小腹一阵空鸣,她抚了抚额头坐起身,这夜一个接一个的噩梦扰得她时时惊醒,萎靡不振。

她锤了锤脑袋,趿履下地,如往常一般先拿过妆台前的小铜镜照照容貌,这不瞧不要紧,一瞧,虞锦满脸愕然。

她嘴怎么红了?

不仅是红了,怎么还破了??

虞锦拿手一碰,顿时疼得气息倒提,她一头散发怔在原地。须臾,似有部分记忆陡然被唤起。

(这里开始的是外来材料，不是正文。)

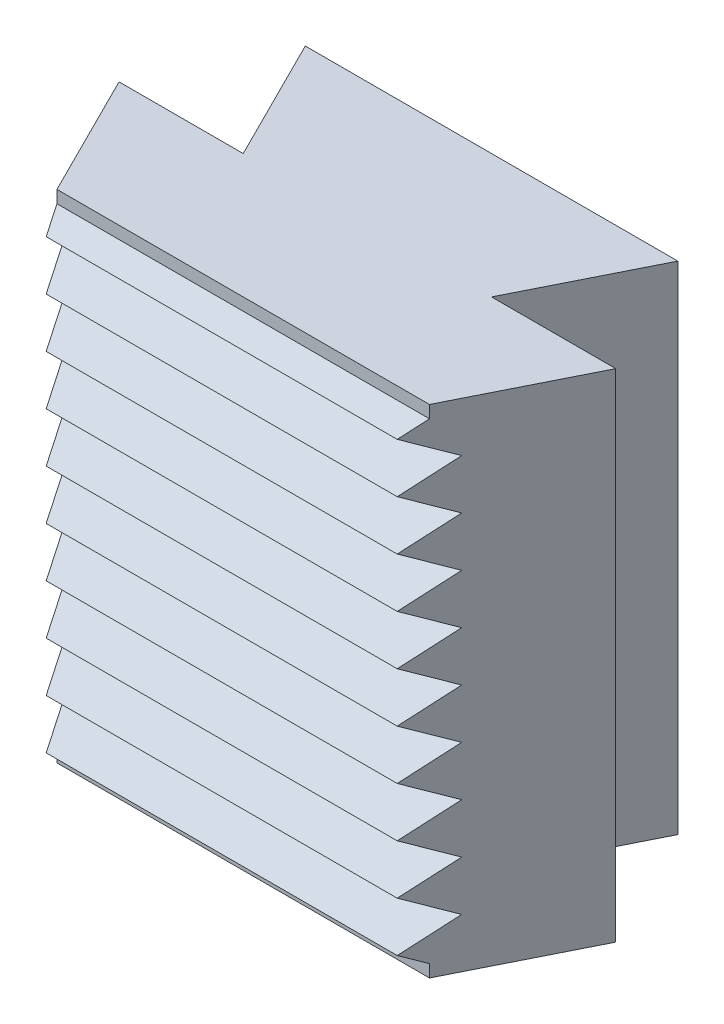
ISO-10303-21;
HEADER;
FILE_DESCRIPTION(('STEP AP214'),'2;1');
FILE_NAME('part.step','',(''),(''),'','','');
FILE_SCHEMA(('AUTOMOTIVE_DESIGN { 1 0 10303 214 1 1 1 1 }'));
ENDSEC;
DATA;
#1=APPLICATION_CONTEXT('core data for automotive mechanical design processes');
#2=APPLICATION_PROTOCOL_DEFINITION('international standard','automotive_design',2000,#1);
#3=PRODUCT_CONTEXT('',#1,'mechanical');
#4=PRODUCT('Part','Part','',(#3));
#5=PRODUCT_RELATED_PRODUCT_CATEGORY('part','',(#4));
#6=PRODUCT_DEFINITION_FORMATION('','',#4);
#7=PRODUCT_DEFINITION_CONTEXT('part definition',#1,'design');
#8=PRODUCT_DEFINITION('design','',#6,#7);
#9=PRODUCT_DEFINITION_SHAPE('','',#8);
#10=(LENGTH_UNIT() NAMED_UNIT(*) SI_UNIT(.MILLI.,.METRE.));
#11=(NAMED_UNIT(*) PLANE_ANGLE_UNIT() SI_UNIT($,.RADIAN.));
#12=(NAMED_UNIT(*) SI_UNIT($,.STERADIAN.) SOLID_ANGLE_UNIT());
#13=UNCERTAINTY_MEASURE_WITH_UNIT(LENGTH_MEASURE(1.E-05),#10,'distance_accuracy_value','');
#14=(GEOMETRIC_REPRESENTATION_CONTEXT(3) GLOBAL_UNCERTAINTY_ASSIGNED_CONTEXT((#13)) GLOBAL_UNIT_ASSIGNED_CONTEXT((#10,
#11,#12)) REPRESENTATION_CONTEXT('',''));
#15=CARTESIAN_POINT('',(0.,0.,0.));
#16=DIRECTION('',(0.,0.,1.));
#17=DIRECTION('',(1.,0.,0.));
#18=AXIS2_PLACEMENT_3D('',#15,#16,#17);
#19=CARTESIAN_POINT('',(-3.75,-5.,0.));
#20=DIRECTION('',(0.,0.,1.));
#21=DIRECTION('',(1.,0.,0.));
#22=AXIS2_PLACEMENT_3D('',#19,#20,#21);
#23=PLANE('',#22);
#24=DIRECTION('',(0.,1.,0.));
#25=VECTOR('',#24,1.);
#26=CARTESIAN_POINT('',(3.75,-5.,0.));
#27=LINE('',#26,#25);
#28=CARTESIAN_POINT('',(3.75,-5.,0.));
#29=VERTEX_POINT('',#28);
#30=CARTESIAN_POINT('',(3.75,-4.74999999999995,0.));
#31=VERTEX_POINT('',#30);
#32=EDGE_CURVE('E503',#29,#31,#27,.T.);
#33=ORIENTED_EDGE('',*,*,#32,.T.);
#34=DIRECTION('',(-1.,0.,0.));
#35=VECTOR('',#34,1.);
#36=CARTESIAN_POINT('',(-3.75,-4.74999999999995,0.));
#37=LINE('',#36,#35);
#38=CARTESIAN_POINT('',(-3.75,-4.74999999999995,0.));
#39=VERTEX_POINT('',#38);
#40=EDGE_CURVE('E276',#31,#39,#37,.T.);
#41=ORIENTED_EDGE('',*,*,#40,.T.);
#42=DIRECTION('',(0.,1.,0.));
#43=VECTOR('',#42,1.);
#44=CARTESIAN_POINT('',(-3.75,-5.,0.));
#45=LINE('',#44,#43);
#46=CARTESIAN_POINT('',(-3.75,-5.,0.));
#47=VERTEX_POINT('',#46);
#48=EDGE_CURVE('E507',#47,#39,#45,.T.);
#49=ORIENTED_EDGE('',*,*,#48,.F.);
#50=DIRECTION('',(1.,0.,0.));
#51=VECTOR('',#50,1.);
#52=CARTESIAN_POINT('',(-3.75,-5.,0.));
#53=LINE('',#52,#51);
#54=EDGE_CURVE('E457',#47,#29,#53,.T.);
#55=ORIENTED_EDGE('',*,*,#54,.T.);
#56=EDGE_LOOP('',(#33,#41,#49,#55));
#57=FACE_BOUND('',#56,.T.);
#58=ADVANCED_FACE('F41',(#57),#23,.T.);
#59=CARTESIAN_POINT('',(-3.75,4.75,0.));
#60=VERTEX_POINT('',#59);
#61=CARTESIAN_POINT('',(-3.75,5.,0.));
#62=VERTEX_POINT('',#61);
#63=EDGE_CURVE('E485',#60,#62,#45,.T.);
#64=ORIENTED_EDGE('',*,*,#63,.F.);
#65=DIRECTION('',(1.,0.,0.));
#66=VECTOR('',#65,1.);
#67=CARTESIAN_POINT('',(-3.75,4.75,0.));
#68=LINE('',#67,#66);
#69=CARTESIAN_POINT('',(3.75,4.75,0.));
#70=VERTEX_POINT('',#69);
#71=EDGE_CURVE('E11',#60,#70,#68,.T.);
#72=ORIENTED_EDGE('',*,*,#71,.T.);
#73=CARTESIAN_POINT('',(3.75,5.,0.));
#74=VERTEX_POINT('',#73);
#75=EDGE_CURVE('E506',#70,#74,#27,.T.);
#76=ORIENTED_EDGE('',*,*,#75,.T.);
#77=DIRECTION('',(1.,0.,0.));
#78=VECTOR('',#77,1.);
#79=CARTESIAN_POINT('',(-3.75,5.,0.));
#80=LINE('',#79,#78);
#81=EDGE_CURVE('E425',#62,#74,#80,.T.);
#82=ORIENTED_EDGE('',*,*,#81,.F.);
#83=EDGE_LOOP('',(#64,#72,#76,#82));
#84=FACE_BOUND('',#83,.T.);
#85=ADVANCED_FACE('F515',(#84),#23,.T.);
#86=CARTESIAN_POINT('',(-5.,-5.,-2.5));
#87=DIRECTION('',(-0.894427190999915,0.,0.447213595499959));
#88=DIRECTION('',(0.447213595499959,0.,0.894427190999915));
#89=AXIS2_PLACEMENT_3D('',#86,#87,#88);
#90=PLANE('',#89);
#91=DIRECTION('',(0.397359707119514,-0.458831467741123,0.794719414239026));
#92=VECTOR('',#91,1.);
#93=CARTESIAN_POINT('',(-3.9985159787279,4.03696153443295,-0.497031957455802));
#94=LINE('',#93,#92);
#95=CARTESIAN_POINT('',(-3.96650635094611,4.00000000000001,-0.433012701892223));
#96=VERTEX_POINT('',#95);
#97=CARTESIAN_POINT('',(-3.53349364905389,3.5,0.433012701892209));
#98=VERTEX_POINT('',#97);
#99=EDGE_CURVE('E384',#96,#98,#94,.T.);
#100=ORIENTED_EDGE('',*,*,#99,.F.);
#101=DIRECTION('',(-0.397359707119514,-0.458831467741124,-0.794719414239026));
#102=VECTOR('',#101,1.);
#103=CARTESIAN_POINT('',(-3.72503427226965,4.27882793925126,0.0499314554606941));
#104=LINE('',#103,#102);
#105=CARTESIAN_POINT('',(-3.53349364905389,4.5,0.43301270189222));
#106=VERTEX_POINT('',#105);
#107=EDGE_CURVE('E400',#106,#96,#104,.T.);
#108=ORIENTED_EDGE('',*,*,#107,.F.);
#109=DIRECTION('',(0.397359707119514,-0.458831467741123,0.794719414239026));
#110=VECTOR('',#109,1.);
#111=CARTESIAN_POINT('',(-3.9985159787279,5.03696153443295,-0.497031957455793));
#112=LINE('',#111,#110);
#113=EDGE_CURVE('E65',#60,#106,#112,.T.);
#114=ORIENTED_EDGE('',*,*,#113,.F.);
#115=ORIENTED_EDGE('',*,*,#63,.T.);
#116=DIRECTION('',(0.447213595499959,0.,0.894427190999915));
#117=VECTOR('',#116,1.);
#118=CARTESIAN_POINT('',(-5.,5.,-2.5));
#119=LINE('',#118,#117);
#120=CARTESIAN_POINT('',(-5.,5.,-2.5));
#121=VERTEX_POINT('',#120);
#122=EDGE_CURVE('E415',#121,#62,#119,.T.);
#123=ORIENTED_EDGE('',*,*,#122,.F.);
#124=DIRECTION('',(0.,1.,0.));
#125=VECTOR('',#124,1.);
#126=CARTESIAN_POINT('',(-5.,-5.,-2.5));
#127=LINE('',#126,#125);
#128=CARTESIAN_POINT('',(-5.,-5.,-2.5));
#129=VERTEX_POINT('',#128);
#130=EDGE_CURVE('E50',#129,#121,#127,.T.);
#131=ORIENTED_EDGE('',*,*,#130,.F.);
#132=DIRECTION('',(0.447213595499959,0.,0.894427190999915));
#133=VECTOR('',#132,1.);
#134=CARTESIAN_POINT('',(-5.,-5.,-2.5));
#135=LINE('',#134,#133);
#136=EDGE_CURVE('E453',#129,#47,#135,.T.);
#137=ORIENTED_EDGE('',*,*,#136,.T.);
#138=ORIENTED_EDGE('',*,*,#48,.T.);
#139=DIRECTION('',(-0.397359707119514,-0.458831467741124,-0.794719414239026));
#140=VECTOR('',#139,1.);
#141=CARTESIAN_POINT('',(-3.72503427226969,-4.72117206074873,0.0499314554606147));
#142=LINE('',#141,#140);
#143=CARTESIAN_POINT('',(-3.53349364905394,-4.5,0.433012701892126));
#144=VERTEX_POINT('',#143);
#145=EDGE_CURVE('E250',#144,#39,#142,.T.);
#146=ORIENTED_EDGE('',*,*,#145,.F.);
#147=DIRECTION('',(0.397359707119514,-0.458831467741123,0.794719414239026));
#148=VECTOR('',#147,1.);
#149=CARTESIAN_POINT('',(-3.99851597872794,-3.96303846556706,-0.497031957455872));
#150=LINE('',#149,#148);
#151=CARTESIAN_POINT('',(-3.96650635094615,-3.99999999999999,-0.433012701892308));
#152=VERTEX_POINT('',#151);
#153=EDGE_CURVE('E248',#152,#144,#150,.T.);
#154=ORIENTED_EDGE('',*,*,#153,.F.);
#155=DIRECTION('',(-0.397359707119514,-0.458831467741124,-0.794719414239026));
#156=VECTOR('',#155,1.);
#157=CARTESIAN_POINT('',(-3.72503427226969,-3.72117206074873,0.0499314554606236));
#158=LINE('',#157,#156);
#159=CARTESIAN_POINT('',(-3.53349364905393,-3.5,0.433012701892136));
#160=VERTEX_POINT('',#159);
#161=EDGE_CURVE('E235',#160,#152,#158,.T.);
#162=ORIENTED_EDGE('',*,*,#161,.F.);
#163=DIRECTION('',(0.397359707119514,-0.458831467741123,0.794719414239026));
#164=VECTOR('',#163,1.);
#165=CARTESIAN_POINT('',(-3.99851597872793,-2.96303846556706,-0.497031957455864));
#166=LINE('',#165,#164);
#167=CARTESIAN_POINT('',(-3.96650635094615,-2.99999999999999,-0.433012701892297));
#168=VERTEX_POINT('',#167);
#169=EDGE_CURVE('E245',#168,#160,#166,.T.);
#170=ORIENTED_EDGE('',*,*,#169,.F.);
#171=DIRECTION('',(-0.397359707119514,-0.458831467741124,-0.794719414239026));
#172=VECTOR('',#171,1.);
#173=CARTESIAN_POINT('',(-3.72503427226968,-2.72117206074873,0.0499314554606324));
#174=LINE('',#173,#172);
#175=CARTESIAN_POINT('',(-3.53349364905393,-2.5,0.433012701892146));
#176=VERTEX_POINT('',#175);
#177=EDGE_CURVE('E295',#176,#168,#174,.T.);
#178=ORIENTED_EDGE('',*,*,#177,.F.);
#179=DIRECTION('',(0.397359707119514,-0.458831467741123,0.794719414239026));
#180=VECTOR('',#179,1.);
#181=CARTESIAN_POINT('',(-3.99851597872793,-1.96303846556706,-0.497031957455855));
#182=LINE('',#181,#180);
#183=CARTESIAN_POINT('',(-3.96650635094614,-1.99999999999999,-0.433012701892287));
#184=VERTEX_POINT('',#183);
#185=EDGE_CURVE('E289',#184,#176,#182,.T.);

静立半响之后,铜镜脱手落地,“哗啦”一声,正如虞锦这颗心一般,顿时碎成了渣。

天爷!

虞锦腿一软,急忙扶住妆台才堪堪站稳。

虞锦思绪纷乱,一会儿小脸肃然,感叹自己不愧是灵州节度使之女,统共醉酒两次,一次咬了南祁王,一次亲了南祁王,此等勇气和胆量,若是个男儿身,想必不比兄长差;

一会儿又面色郁郁,惋惜自己清白半失,将来可如何是好,思来想去,她决定将此事告知未来夫君,若是夫君介意,她也不强求,倘若夫君不介意那自然是再好不过;

一会儿又抿唇深思,其实昨夜是她凑上前去,沈却若是动怒了如何是好?他一怒之下不会将她赶去梵山吧?那岂非前功尽弃?

不对不对!

虞锦美目瞪直,昨夜她呛了几口药泉里的烈酒,所做之事皆不过脑,但最后摁着她不放的,分明是他!

虞锦在屋中来回踱步,行色匆匆。

正此时,“吱呀”一声,沉溪推门而进,道:“姑娘,王爷来了。”

虞锦脚下猛地一顿,如临大敌般侧首望去,恰撞上男人那双狭长的眼眸。

她脑袋一空,视线下移,落在他的薄唇上,久久未言。

沉溪见她如此,疑惑道:“姑娘?您可是还难受?”

虞锦吞咽了下嗓子,沉溪的声音在她耳边化成了一个个嗡嗡小字,全然听不清晰。

她心道:她还尚未理出头绪,也尚未想好如何应对他,怎么就来得这般匆忙。

且她一头乱发,未施粉黛,宿醉之后的脸色也一定十分不好看。

几多思忖之后,在沉溪走近身侧时,虞锦攥了攥手心,背过身,干脆两眼一闭,朝沉溪晕了过去。